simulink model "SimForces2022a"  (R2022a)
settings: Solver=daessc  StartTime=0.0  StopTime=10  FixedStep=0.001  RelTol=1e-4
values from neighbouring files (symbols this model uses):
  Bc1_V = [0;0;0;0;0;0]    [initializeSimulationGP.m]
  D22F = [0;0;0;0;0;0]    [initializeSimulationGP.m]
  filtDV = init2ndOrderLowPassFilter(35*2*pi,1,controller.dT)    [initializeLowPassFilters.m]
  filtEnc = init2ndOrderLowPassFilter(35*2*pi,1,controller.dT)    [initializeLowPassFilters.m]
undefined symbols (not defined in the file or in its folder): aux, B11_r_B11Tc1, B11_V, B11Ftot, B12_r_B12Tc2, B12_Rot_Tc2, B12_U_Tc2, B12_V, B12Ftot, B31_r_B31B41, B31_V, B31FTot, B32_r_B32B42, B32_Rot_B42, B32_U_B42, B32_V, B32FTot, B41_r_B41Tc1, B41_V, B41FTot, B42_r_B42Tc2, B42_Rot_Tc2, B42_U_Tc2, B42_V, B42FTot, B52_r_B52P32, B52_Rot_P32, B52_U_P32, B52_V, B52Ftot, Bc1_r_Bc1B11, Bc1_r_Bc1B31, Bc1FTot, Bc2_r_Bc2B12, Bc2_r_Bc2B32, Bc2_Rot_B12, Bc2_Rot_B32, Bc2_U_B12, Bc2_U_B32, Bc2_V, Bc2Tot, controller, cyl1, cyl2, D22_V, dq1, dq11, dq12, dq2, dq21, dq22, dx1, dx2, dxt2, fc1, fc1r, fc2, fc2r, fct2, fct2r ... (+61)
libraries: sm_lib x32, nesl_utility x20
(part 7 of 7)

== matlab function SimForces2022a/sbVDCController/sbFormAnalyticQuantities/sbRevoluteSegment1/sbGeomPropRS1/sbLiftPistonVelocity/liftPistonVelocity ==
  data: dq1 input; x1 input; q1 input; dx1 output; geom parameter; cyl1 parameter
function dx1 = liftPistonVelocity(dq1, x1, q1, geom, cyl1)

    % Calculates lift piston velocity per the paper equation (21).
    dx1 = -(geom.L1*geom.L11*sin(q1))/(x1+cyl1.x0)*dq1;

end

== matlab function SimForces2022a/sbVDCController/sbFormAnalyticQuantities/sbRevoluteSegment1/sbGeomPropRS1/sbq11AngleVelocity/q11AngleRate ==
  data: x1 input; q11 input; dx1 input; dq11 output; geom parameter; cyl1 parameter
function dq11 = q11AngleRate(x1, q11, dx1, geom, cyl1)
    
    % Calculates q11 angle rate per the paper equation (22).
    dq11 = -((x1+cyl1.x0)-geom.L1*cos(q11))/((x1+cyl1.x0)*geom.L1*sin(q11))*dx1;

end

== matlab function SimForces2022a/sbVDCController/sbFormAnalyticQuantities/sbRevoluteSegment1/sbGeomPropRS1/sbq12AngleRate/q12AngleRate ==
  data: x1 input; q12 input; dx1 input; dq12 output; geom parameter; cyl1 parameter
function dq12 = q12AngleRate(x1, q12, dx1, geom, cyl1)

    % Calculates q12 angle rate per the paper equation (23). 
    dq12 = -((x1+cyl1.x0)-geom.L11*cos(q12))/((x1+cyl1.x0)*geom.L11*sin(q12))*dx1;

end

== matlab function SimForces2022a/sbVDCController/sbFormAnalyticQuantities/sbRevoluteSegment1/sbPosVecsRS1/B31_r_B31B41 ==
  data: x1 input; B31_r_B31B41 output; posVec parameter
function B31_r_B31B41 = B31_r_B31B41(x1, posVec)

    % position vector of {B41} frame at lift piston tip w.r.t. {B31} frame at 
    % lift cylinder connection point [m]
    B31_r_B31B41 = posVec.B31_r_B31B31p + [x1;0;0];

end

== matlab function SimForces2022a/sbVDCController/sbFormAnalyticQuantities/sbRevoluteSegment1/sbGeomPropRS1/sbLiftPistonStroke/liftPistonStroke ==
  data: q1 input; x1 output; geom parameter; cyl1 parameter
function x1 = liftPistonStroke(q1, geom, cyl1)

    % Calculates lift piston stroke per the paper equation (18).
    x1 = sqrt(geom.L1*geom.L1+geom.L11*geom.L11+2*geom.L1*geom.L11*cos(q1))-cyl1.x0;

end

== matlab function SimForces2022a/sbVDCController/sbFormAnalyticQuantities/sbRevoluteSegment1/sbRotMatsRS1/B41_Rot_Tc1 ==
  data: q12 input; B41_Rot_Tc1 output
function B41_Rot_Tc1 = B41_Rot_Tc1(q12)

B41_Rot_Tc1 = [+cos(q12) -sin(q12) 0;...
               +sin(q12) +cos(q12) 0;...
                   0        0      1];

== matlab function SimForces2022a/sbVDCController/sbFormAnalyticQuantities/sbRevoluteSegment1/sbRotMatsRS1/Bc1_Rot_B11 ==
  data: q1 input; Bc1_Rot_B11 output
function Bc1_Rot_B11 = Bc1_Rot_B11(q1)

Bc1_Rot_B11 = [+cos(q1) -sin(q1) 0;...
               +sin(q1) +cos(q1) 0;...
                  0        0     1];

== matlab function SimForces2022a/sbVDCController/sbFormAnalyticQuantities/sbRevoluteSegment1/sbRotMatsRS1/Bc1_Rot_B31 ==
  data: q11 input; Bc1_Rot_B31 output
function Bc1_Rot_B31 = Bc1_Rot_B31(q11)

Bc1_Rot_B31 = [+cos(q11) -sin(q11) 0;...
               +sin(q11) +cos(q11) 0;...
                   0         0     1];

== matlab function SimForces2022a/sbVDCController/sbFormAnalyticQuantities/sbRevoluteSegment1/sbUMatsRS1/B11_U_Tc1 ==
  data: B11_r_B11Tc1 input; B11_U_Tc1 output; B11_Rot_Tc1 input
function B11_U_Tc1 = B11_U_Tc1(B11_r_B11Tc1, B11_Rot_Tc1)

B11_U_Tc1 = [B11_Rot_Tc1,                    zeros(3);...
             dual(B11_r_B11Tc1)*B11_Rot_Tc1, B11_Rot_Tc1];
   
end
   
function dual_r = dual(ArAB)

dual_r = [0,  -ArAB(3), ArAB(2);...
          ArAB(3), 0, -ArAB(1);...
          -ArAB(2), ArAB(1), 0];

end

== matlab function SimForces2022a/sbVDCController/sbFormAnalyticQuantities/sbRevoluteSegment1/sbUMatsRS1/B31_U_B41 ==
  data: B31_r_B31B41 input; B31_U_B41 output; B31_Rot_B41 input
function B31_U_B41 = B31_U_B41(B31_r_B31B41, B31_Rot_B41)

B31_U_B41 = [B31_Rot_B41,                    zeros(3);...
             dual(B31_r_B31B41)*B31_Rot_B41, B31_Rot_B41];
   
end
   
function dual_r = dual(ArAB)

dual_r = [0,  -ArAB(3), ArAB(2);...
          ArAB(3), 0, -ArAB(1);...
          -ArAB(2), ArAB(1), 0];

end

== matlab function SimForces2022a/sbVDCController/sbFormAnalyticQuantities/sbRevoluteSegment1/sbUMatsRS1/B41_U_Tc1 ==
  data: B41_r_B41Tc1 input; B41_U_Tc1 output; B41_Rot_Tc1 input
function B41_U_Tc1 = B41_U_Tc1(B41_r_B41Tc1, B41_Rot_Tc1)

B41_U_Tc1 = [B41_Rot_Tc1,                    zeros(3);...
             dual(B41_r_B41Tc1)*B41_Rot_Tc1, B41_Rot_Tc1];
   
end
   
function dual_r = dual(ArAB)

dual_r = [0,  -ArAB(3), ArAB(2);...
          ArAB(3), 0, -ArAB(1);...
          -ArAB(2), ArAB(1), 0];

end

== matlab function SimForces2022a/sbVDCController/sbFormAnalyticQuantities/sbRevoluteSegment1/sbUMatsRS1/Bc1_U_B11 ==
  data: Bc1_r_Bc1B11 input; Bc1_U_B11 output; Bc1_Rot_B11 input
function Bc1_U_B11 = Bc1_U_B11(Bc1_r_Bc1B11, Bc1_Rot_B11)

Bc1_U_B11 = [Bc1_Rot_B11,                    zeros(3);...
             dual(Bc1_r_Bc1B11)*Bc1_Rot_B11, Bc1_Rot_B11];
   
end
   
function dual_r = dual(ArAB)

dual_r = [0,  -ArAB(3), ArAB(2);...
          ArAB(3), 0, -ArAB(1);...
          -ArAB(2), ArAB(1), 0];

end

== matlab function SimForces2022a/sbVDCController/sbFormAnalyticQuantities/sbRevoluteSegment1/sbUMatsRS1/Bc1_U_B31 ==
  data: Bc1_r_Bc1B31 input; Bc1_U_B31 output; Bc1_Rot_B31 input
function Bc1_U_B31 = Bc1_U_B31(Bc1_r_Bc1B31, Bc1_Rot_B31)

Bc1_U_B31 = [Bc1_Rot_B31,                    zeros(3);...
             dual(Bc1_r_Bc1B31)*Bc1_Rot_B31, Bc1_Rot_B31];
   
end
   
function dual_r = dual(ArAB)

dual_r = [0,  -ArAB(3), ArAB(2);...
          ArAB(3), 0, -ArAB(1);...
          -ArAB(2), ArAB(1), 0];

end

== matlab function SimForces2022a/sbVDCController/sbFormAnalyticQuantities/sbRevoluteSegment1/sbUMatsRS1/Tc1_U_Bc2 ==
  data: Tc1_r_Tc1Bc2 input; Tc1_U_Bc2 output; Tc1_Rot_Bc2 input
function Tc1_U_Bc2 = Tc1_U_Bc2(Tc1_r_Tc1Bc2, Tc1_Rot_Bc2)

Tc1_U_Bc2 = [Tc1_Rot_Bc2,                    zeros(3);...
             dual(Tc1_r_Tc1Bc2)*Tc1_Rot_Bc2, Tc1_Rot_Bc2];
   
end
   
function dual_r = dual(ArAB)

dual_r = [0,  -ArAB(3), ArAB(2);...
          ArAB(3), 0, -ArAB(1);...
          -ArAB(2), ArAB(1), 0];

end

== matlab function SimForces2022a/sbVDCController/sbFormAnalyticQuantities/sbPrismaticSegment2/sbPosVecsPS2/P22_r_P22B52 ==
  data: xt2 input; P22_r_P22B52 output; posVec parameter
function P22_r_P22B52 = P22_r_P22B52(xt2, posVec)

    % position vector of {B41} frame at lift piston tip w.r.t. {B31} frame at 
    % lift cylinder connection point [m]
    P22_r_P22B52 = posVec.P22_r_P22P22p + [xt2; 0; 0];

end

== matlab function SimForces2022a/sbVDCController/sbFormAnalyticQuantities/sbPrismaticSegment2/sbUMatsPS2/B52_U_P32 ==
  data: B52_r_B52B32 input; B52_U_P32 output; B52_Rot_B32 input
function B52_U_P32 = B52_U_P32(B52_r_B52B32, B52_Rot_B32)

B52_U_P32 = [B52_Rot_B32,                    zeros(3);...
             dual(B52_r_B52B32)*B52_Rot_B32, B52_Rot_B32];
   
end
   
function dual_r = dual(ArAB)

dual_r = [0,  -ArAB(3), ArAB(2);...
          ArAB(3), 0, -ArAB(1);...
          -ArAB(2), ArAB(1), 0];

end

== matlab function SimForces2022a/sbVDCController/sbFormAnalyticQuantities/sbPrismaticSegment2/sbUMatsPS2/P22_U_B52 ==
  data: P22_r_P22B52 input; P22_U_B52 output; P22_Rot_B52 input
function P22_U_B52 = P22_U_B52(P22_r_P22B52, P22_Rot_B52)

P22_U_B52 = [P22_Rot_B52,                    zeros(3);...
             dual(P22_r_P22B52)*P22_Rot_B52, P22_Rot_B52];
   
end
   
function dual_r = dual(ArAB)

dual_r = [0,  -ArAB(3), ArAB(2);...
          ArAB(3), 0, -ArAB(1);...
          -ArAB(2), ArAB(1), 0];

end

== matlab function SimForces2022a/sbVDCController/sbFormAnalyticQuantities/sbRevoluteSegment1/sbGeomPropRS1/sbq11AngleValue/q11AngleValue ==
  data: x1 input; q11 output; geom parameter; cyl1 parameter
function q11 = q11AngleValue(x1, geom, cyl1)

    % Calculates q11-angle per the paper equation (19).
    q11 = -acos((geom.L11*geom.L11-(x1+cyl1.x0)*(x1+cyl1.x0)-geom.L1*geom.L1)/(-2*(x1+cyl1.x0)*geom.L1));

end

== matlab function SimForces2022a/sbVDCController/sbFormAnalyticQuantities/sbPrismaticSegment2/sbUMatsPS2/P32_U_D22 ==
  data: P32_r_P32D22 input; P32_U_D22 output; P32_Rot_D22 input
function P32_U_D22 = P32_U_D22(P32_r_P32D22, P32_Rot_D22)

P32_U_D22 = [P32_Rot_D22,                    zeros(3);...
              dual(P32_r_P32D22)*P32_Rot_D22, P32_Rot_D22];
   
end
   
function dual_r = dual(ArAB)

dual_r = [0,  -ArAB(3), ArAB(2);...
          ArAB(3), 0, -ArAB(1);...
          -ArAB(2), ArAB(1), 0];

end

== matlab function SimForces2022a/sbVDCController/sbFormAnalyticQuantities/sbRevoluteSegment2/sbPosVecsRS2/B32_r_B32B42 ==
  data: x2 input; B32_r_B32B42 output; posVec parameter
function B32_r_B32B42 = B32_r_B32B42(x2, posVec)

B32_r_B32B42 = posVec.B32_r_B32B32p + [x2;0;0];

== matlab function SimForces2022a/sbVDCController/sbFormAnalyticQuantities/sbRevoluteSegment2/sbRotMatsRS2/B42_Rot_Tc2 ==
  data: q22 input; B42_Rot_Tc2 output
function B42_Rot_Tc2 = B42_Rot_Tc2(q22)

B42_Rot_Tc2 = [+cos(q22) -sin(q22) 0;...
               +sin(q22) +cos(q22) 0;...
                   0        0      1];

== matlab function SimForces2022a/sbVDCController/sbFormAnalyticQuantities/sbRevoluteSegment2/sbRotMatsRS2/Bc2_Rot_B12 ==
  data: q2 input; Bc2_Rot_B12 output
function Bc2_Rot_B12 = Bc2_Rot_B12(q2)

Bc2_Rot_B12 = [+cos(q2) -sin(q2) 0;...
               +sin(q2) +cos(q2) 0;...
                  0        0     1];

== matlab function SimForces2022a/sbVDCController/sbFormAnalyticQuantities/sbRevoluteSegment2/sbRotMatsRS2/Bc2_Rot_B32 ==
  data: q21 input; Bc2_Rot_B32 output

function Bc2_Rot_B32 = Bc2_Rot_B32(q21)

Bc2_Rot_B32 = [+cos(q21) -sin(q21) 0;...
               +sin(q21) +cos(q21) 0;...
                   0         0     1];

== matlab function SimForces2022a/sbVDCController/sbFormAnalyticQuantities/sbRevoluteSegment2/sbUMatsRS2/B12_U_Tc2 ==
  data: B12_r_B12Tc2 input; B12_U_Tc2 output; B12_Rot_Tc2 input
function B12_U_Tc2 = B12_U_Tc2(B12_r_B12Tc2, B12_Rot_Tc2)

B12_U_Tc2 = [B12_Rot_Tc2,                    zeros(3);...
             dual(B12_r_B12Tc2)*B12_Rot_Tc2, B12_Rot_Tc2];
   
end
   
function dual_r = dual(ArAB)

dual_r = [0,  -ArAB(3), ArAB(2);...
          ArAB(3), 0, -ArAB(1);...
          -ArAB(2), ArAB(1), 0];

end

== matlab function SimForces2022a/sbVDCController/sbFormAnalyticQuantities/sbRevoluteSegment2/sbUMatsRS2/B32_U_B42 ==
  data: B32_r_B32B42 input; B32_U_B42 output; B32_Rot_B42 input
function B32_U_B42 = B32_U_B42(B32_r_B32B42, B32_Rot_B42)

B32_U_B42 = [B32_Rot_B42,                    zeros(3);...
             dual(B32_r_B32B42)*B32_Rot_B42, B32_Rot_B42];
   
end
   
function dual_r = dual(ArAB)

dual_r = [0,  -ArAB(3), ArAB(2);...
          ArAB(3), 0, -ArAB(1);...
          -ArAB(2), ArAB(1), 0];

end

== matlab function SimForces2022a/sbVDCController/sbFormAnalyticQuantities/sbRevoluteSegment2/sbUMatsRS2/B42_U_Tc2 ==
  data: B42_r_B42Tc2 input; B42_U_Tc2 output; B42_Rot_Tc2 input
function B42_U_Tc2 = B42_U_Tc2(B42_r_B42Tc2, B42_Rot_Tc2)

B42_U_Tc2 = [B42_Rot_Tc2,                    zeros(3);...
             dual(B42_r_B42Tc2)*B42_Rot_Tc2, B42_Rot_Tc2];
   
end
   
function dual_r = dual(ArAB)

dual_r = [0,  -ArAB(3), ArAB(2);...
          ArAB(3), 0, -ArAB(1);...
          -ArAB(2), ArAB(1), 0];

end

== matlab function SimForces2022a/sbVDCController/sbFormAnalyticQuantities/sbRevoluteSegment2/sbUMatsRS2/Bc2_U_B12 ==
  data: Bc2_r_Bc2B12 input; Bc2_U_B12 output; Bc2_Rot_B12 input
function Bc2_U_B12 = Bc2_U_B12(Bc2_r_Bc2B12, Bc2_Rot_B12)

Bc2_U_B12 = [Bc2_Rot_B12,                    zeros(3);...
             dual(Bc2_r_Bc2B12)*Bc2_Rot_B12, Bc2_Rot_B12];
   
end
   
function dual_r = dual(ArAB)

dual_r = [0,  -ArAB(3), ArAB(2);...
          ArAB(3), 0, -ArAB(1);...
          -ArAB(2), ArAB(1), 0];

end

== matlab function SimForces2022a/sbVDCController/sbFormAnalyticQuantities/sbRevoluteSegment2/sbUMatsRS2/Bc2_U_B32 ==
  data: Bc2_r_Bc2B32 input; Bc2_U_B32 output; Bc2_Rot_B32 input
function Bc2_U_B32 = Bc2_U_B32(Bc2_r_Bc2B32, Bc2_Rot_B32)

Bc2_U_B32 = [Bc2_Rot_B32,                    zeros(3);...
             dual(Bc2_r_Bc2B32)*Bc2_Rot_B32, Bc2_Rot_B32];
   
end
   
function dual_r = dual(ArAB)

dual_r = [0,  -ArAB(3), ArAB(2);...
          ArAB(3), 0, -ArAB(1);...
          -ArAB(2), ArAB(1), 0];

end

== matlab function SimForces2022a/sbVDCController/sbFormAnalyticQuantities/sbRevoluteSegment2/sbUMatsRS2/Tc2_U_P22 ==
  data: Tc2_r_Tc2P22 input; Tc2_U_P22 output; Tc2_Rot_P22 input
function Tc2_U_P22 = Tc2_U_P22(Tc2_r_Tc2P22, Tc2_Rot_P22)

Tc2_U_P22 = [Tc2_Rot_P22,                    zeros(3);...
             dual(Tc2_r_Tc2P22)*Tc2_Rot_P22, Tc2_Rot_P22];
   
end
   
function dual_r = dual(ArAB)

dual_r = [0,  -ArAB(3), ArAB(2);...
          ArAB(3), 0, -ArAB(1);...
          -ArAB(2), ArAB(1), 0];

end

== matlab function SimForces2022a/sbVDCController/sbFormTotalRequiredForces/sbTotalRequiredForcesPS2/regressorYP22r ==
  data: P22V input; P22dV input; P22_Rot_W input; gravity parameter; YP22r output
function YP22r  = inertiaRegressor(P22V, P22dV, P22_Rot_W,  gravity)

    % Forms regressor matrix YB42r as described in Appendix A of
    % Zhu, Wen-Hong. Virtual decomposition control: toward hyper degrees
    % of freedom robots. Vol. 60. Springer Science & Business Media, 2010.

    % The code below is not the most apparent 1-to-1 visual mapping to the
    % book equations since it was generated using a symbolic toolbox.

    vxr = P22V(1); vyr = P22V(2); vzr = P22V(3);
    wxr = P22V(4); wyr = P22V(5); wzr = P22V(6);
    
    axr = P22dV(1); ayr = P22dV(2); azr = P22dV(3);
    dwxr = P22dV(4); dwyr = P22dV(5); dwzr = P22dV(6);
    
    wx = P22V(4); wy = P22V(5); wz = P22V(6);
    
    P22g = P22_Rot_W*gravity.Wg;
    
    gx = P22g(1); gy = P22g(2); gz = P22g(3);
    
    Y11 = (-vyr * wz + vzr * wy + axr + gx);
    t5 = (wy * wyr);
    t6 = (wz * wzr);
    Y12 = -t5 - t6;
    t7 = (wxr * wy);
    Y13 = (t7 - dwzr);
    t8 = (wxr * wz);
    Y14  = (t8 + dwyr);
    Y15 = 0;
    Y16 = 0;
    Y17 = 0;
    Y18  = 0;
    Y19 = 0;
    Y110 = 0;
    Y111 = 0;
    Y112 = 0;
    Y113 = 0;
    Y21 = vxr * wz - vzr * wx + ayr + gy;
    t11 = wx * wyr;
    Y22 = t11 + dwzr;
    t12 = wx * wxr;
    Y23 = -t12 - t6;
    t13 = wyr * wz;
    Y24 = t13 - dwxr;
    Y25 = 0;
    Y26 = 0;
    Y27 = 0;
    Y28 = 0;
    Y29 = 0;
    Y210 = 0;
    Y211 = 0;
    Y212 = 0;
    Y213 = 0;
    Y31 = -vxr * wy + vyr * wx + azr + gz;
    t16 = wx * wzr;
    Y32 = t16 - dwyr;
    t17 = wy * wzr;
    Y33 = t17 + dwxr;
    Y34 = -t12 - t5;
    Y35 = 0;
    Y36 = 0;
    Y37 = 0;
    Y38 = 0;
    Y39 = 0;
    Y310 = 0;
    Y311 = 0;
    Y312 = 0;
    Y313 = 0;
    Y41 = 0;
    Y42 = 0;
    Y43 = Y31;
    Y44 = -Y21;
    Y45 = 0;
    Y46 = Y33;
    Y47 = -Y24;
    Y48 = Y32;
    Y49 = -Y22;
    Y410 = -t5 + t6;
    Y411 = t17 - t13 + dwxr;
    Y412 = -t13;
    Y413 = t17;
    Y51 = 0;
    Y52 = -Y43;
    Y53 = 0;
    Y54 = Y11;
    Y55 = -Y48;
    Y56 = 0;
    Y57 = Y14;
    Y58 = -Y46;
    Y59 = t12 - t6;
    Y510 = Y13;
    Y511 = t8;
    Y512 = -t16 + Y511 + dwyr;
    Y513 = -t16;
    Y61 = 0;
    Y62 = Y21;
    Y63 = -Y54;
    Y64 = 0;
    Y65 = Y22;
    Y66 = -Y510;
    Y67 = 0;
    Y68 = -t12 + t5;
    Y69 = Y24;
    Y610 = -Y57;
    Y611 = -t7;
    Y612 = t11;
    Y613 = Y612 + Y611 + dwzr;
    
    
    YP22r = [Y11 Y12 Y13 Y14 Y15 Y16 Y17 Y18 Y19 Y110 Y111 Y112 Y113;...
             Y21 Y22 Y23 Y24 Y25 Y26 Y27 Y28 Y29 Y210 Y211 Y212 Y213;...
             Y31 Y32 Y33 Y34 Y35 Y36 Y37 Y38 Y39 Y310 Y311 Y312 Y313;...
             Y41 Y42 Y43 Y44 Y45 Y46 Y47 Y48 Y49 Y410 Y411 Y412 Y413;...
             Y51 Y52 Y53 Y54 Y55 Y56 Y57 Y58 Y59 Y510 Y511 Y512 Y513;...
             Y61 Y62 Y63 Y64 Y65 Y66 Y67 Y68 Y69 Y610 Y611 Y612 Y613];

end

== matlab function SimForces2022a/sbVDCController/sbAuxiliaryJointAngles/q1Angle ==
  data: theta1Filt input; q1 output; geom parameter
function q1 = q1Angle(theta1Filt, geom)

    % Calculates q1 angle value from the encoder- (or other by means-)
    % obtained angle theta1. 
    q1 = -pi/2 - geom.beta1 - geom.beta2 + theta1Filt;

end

.....

**DIRECTIONS**.
Reproduce exactly the lines above from the line with "B31_r_B31B41 = posVec.B31_r_B31B31p" to the line with "paper equation (18).", including both, and add nothing.

**SOLUTION FOR THIS PROBLEM**.
    B31_r_B31B41 = posVec.B31_r_B31B31p + [x1;0;0];

end

== matlab function SimForces2022a/sbVDCController/sbFormAnalyticQuantities/sbRevoluteSegment1/sbGeomPropRS1/sbLiftPistonStroke/liftPistonStroke ==
  data: q1 input; x1 output; geom parameter; cyl1 parameter
function x1 = liftPistonStroke(q1, geom, cyl1)

    % Calculates lift piston stroke per the paper equation (18).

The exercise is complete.